WORK ORDER: Exactly as written, set down the lines from the top of the entries through the line bearing "Circle(SKETCH1_R)", with every picture left out.

(Source records)
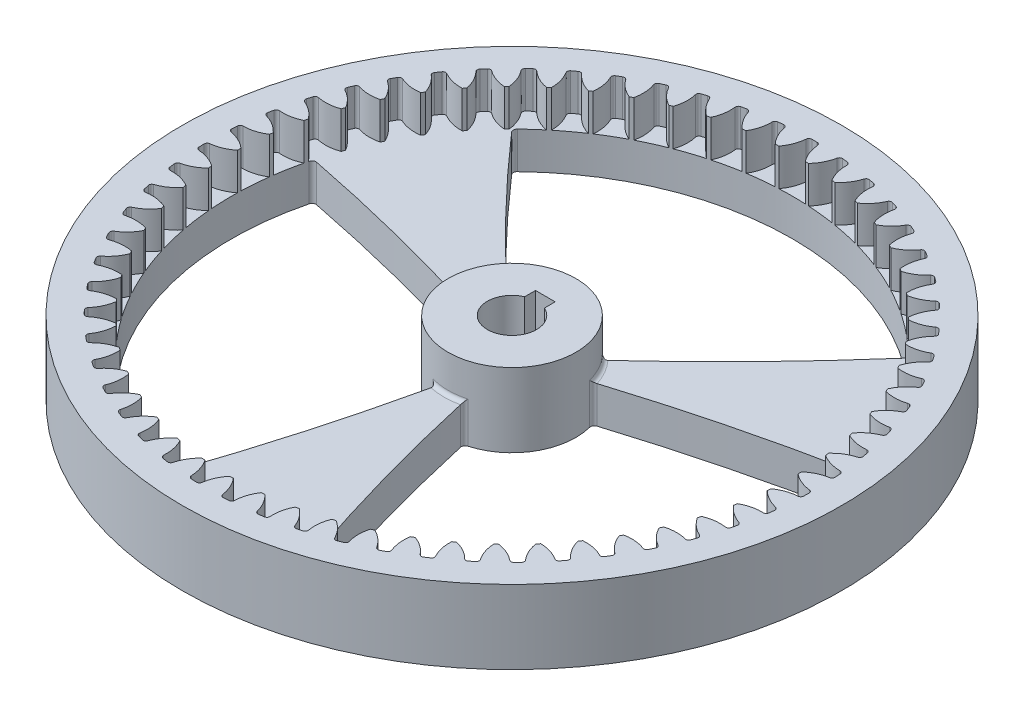
from build123d import *

# Parameters (mm, degrees)
SKETCH1_R                = 67
SKETCH1_R_2              = 61.5
SKETCH1_R_3              = 57
BOSS_EXTRUDE1_DEPTH      = 7.5
CUT_EXTRUDE1_DEPTH       = 96.048671742
FILLET1_R                = 0.6
CIRPATTERN1_COUNT        = 59
FILLET1_OF_CIRPATTERN1_R = 0.6
BOSS_EXTRUDE2_START      = 7.5
SKETCH3_R                = 67
BOSS_EXTRUDE2_DEPTH      = 7.5
SKETCH4_R                = 13
BOSS_EXTRUDE3_DEPTH      = 7.5
CUT_EXTRUDE2_START       = -10
CUT_EXTRUDE2_DEPTH       = 10
FILLET2_R                = 0.8


with BuildPart() as part:
    # Sketch1 → Boss-Extrude1 (new body)
    # profile 1 of 2: a face of its own
    with BuildSketch(Plane(origin=(0, 0, 0), x_dir=(1, 0, 0), z_dir=(0, 1, 0))):
        with Locations(Location((0, 0, 0), (0, 0, 270))):
            Circle(SKETCH1_R)
        Circle(SKETCH1_R_2, mode=Mode.SUBTRACT)
    # profile 2 of 2: a face of its own
    with BuildSketch(Plane(origin=(0, 0, 0), x_dir=(1, 0, 0), z_dir=(0, 1, 0))):
        Circle(SKETCH1_R_2)
        with Locations(Location((0, 0, 0), (0, 0, 270))):
            Circle(SKETCH1_R_3, mode=Mode.SUBTRACT)
    extrude(amount=BOSS_EXTRUDE1_DEPTH)

    # Sketch2 → Cut-Extrude1 (cut, through all)
    with BuildSketch(Plane(origin=(0, 7.5, 0), x_dir=(1, 0, 0), z_dir=(0, 1, 0))):
        with BuildLine():
            ThreePointArc((-2.683664177, 56.936789044), (0, 57), (2.683664177, 56.936789044))
            ThreePointArc((2.683664177, 56.936789044), (1.531877994, 59.088018005), (1.102550575, 61.490116134))
            ThreePointArc((1.102550575, 61.490116134), (0, 61.5), (-1.102550575, 61.490116134))
            ThreePointArc((-1.102550575, 61.490116134), (-1.531877994, 59.088018005), (-2.683664177, 56.936789044))
        make_face()
    cut_extrude1 = extrude(amount=-CUT_EXTRUDE1_DEPTH, mode=Mode.SUBTRACT)

    # Fillet1
    fillet1_edges = [part.edges().sort_by_distance(p)[0] for p in [
        (1.102550575, 3.75, -61.490116134),
        (-1.102550575, 3.75, -61.490116134),
    ]]
    fillet(fillet1_edges, radius=FILLET1_R)

    # CirPattern1: Cut-Extrude1 ×59 about axis
    cirpattern1_axis = Axis((0, 0, 0), (0, 1, 0))
    for i in range(1, CIRPATTERN1_COUNT):
        add(cut_extrude1.rotate(cirpattern1_axis, i * 360 / CIRPATTERN1_COUNT), mode=Mode.SUBTRACT)

    # Fillet1 of CirPattern1
    fillet1_of_cirpattern1_edges = [part.edges().sort_by_distance(p)[0] for p in [
        (-5.439694371, 3.75, -61.258956285),
        (-7.632303183, 3.75, -61.024568398),
        (-11.920305406, 3.75, -60.333707983),
        (-14.075578745, 3.75, -59.867587917),
        (-18.265854618, 3.75, -58.724854662),
        (-20.359372377, 3.75, -58.032283743),
        (-24.404444399, 3.75, -56.450625272),
        (-26.412486184, 3.75, -55.539450606),
        (-30.266522072, 3.75, -53.536787741),
        (-32.166335968, 3.75, -52.417333301),
        (-35.785667957, 3.75, -50.016357013),
        (-37.555728313, 3.75, -48.701306665),
        (-40.899347925, 3.75, -45.929220974),
        (-42.51959925, 3.75, -44.433474764),
        (-45.549621938, 3.75, -41.32168851),
        (-47.001706138, 3.75, -39.662193839),
        (-49.683800534, 3.75, -36.245964803),
        (-50.951264913, 3.75, -34.441524411),
        (-53.255041817, 3.75, -30.759559832),
        (-54.323525499, 3.75, -28.830618748),
        (-56.222882197, 3.75, -24.924636757),
        (-57.080278834, 3.75, -22.893050655),
        (-58.553694856, 3.75, -18.807307588),
        (-59.190289801, 3.75, -16.69609515),
        (-60.221070755, 3.75, -12.476884109),
        (-60.629651134, 3.75, -10.309966216),
        (-61.20611786, 3.75, -6.005092548),
        (-61.382054293, 3.75, -3.807021245),
        (-61.497675193, 3.75, 0.534739111),
        (-61.43897425, 3.75, 2.739058798),
        (-61.092439292, 3.75, 7.068511963),
        (-60.799766079, 3.75, 9.254104211),
        (-59.995001643, 3.75, 13.522195749),
        (-59.471672264, 3.75, 15.664296924),
        (-58.217796652, 3.75, 19.822667655),
        (-57.469740638, 3.75, 21.897006895),
        (-55.780960763, 3.75, 25.898540815),
        (-54.816653888, 3.75, 27.881615028),
        (-52.712104299, 3.75, 31.680973159),
        (-51.542472545, 3.75, 33.550313321),
        (-49.045998631, 3.75, 37.104447419),
        (-47.684294393, 3.75, 38.838873159),
        (-44.824182201, 3.75, 42.107513463),
        (-43.285834131, 3.75, 43.687373045),
        (-40.094489876, 3.75, 46.633484554),
        (-38.396928073, 3.75, 48.040877537),
        (-34.910510959, 3.75, 50.631079631),
        (-33.072969477, 3.75, 51.850059691),
        (-29.330982004, 3.75, 54.055004345),
        (-27.374280922, 3.75, 55.07175995),
        (-23.419121302, 3.75, 56.86646426),
        (-21.365430826, 3.75, 57.669475163),
        (-17.241912598, 3.75, 59.033604413),
        (-15.114501861, 3.75, 59.61377218),
        (-10.869346135, 3.75, 60.531870239),
        (-8.692319551, 3.75, 60.882621337),
        (-4.373625637, 3.75, 61.344285788),
        (-2.171649787, 3.75, 61.461646067),
        (2.171649787, 3.75, 61.461646067),
        (4.373625637, 3.75, 61.344285788),
        (8.692319551, 3.75, 60.882621337),
        (10.869346135, 3.75, 60.531870239),
        (15.114501861, 3.75, 59.61377218),
        (17.241912598, 3.75, 59.033604413),
        (21.365430826, 3.75, 57.669475163),
        (23.419121302, 3.75, 56.86646426),
        (27.374280922, 3.75, 55.07175995),
        (29.330982004, 3.75, 54.055004345),
        (33.072969477, 3.75, 51.850059691),
        (34.910510959, 3.75, 50.631079631),
        (38.396928073, 3.75, 48.040877537),
        (40.094489876, 3.75, 46.633484554),
        (43.285834131, 3.75, 43.687373045),
        (44.824182201, 3.75, 42.107513463),
        (47.684294393, 3.75, 38.838873159),
        (49.045998631, 3.75, 37.104447419),
        (51.542472545, 3.75, 33.550313321),
        (52.712104299, 3.75, 31.680973159),
        (54.816653888, 3.75, 27.881615028),
        (55.780960763, 3.75, 25.898540815),
        (57.469740638, 3.75, 21.897006895),
        (58.217796652, 3.75, 19.822667655),
        (59.471672264, 3.75, 15.664296924),
        (59.995001643, 3.75, 13.522195749),
        (60.799766079, 3.75, 9.254104211),
        (61.092439292, 3.75, 7.068511963),
        (61.43897425, 3.75, 2.739058798),
        (61.497675193, 3.75, 0.534739111),
        (61.382054293, 3.75, -3.807021245),
        (61.20611786, 3.75, -6.005092548),
        (60.629651134, 3.75, -10.309966216),
        (60.221070755, 3.75, -12.476884109),
        (59.190289801, 3.75, -16.69609515),
        (58.553694856, 3.75, -18.807307588),
        (57.080278834, 3.75, -22.893050655),
        (56.222882197, 3.75, -24.924636757),
        (54.323525499, 3.75, -28.830618748),
        (53.255041817, 3.75, -30.759559832),
        (50.951264913, 3.75, -34.441524411),
        (49.683800534, 3.75, -36.245964803),
        (47.001706138, 3.75, -39.662193839),
        (45.549621938, 3.75, -41.32168851),
        (42.51959925, 3.75, -44.433474764),
        (40.899347925, 3.75, -45.929220974),
        (37.555728313, 3.75, -48.701306665),
        (35.785667957, 3.75, -50.016357013),
        (32.166335968, 3.75, -52.417333301),
        (30.266522072, 3.75, -53.536787741),
        (26.412486184, 3.75, -55.539450606),
        (24.404444399, 3.75, -56.450625272),
        (20.359372377, 3.75, -58.032283743),
        (18.265854618, 3.75, -58.724854662),
        (14.075578745, 3.75, -59.867587917),
        (11.920305406, 3.75, -60.333707983),
        (7.632303183, 3.75, -61.024568398),
        (5.439694371, 3.75, -61.258956285),
    ]]
    fillet(fillet1_of_cirpattern1_edges, radius=FILLET1_OF_CIRPATTERN1_R)

    # Sketch3 → Boss-Extrude2 (add)
    with BuildSketch(Plane.XZ.offset(BOSS_EXTRUDE2_START)):
        with Locations(Location((0, 0, 0), (0, 0, 270))):
            Circle(SKETCH3_R)
    extrude(amount=-BOSS_EXTRUDE2_DEPTH)

    # Sketch4 → Boss-Extrude3 (add)
    with BuildSketch(Plane(origin=(0, 0, 0), x_dir=(1, 0, 0), z_dir=(0, 1, 0))):
        with Locations(Location((0, 0, 0), (0, 0, 90))):
            Circle(SKETCH4_R)
        with BuildLine():
            Line((-2, 6.782575695), (2, 6.782575695))
            Line((2, 6.782575695), (2, 4.582575695))
            ThreePointArc((2, 4.582575695), (0, -5), (-2, 4.582575695))
            Line((-2, 4.582575695), (-2, 6.782575695))
        make_face(mode=Mode.SUBTRACT)
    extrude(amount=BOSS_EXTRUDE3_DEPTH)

SOLUTION FOR THIS TASK:
from build123d import *

# Parameters (mm, degrees)
SKETCH1_R                = 67
SKETCH1_R_2              = 61.5
SKETCH1_R_3              = 57
BOSS_EXTRUDE1_DEPTH      = 7.5
CUT_EXTRUDE1_DEPTH       = 96.048671742
FILLET1_R                = 0.6
CIRPATTERN1_COUNT        = 59
FILLET1_OF_CIRPATTERN1_R = 0.6
BOSS_EXTRUDE2_START      = 7.5
SKETCH3_R                = 67
BOSS_EXTRUDE2_DEPTH      = 7.5
SKETCH4_R                = 13
BOSS_EXTRUDE3_DEPTH      = 7.5
CUT_EXTRUDE2_START       = -10
CUT_EXTRUDE2_DEPTH       = 10
FILLET2_R                = 0.8


with BuildPart() as part:
    # Sketch1 → Boss-Extrude1 (new body)
    # profile 1 of 2: a face of its own
    with BuildSketch(Plane(origin=(0, 0, 0), x_dir=(1, 0, 0), z_dir=(0, 1, 0))):
        with Locations(Location((0, 0, 0), (0, 0, 270))):
            Circle(SKETCH1_R)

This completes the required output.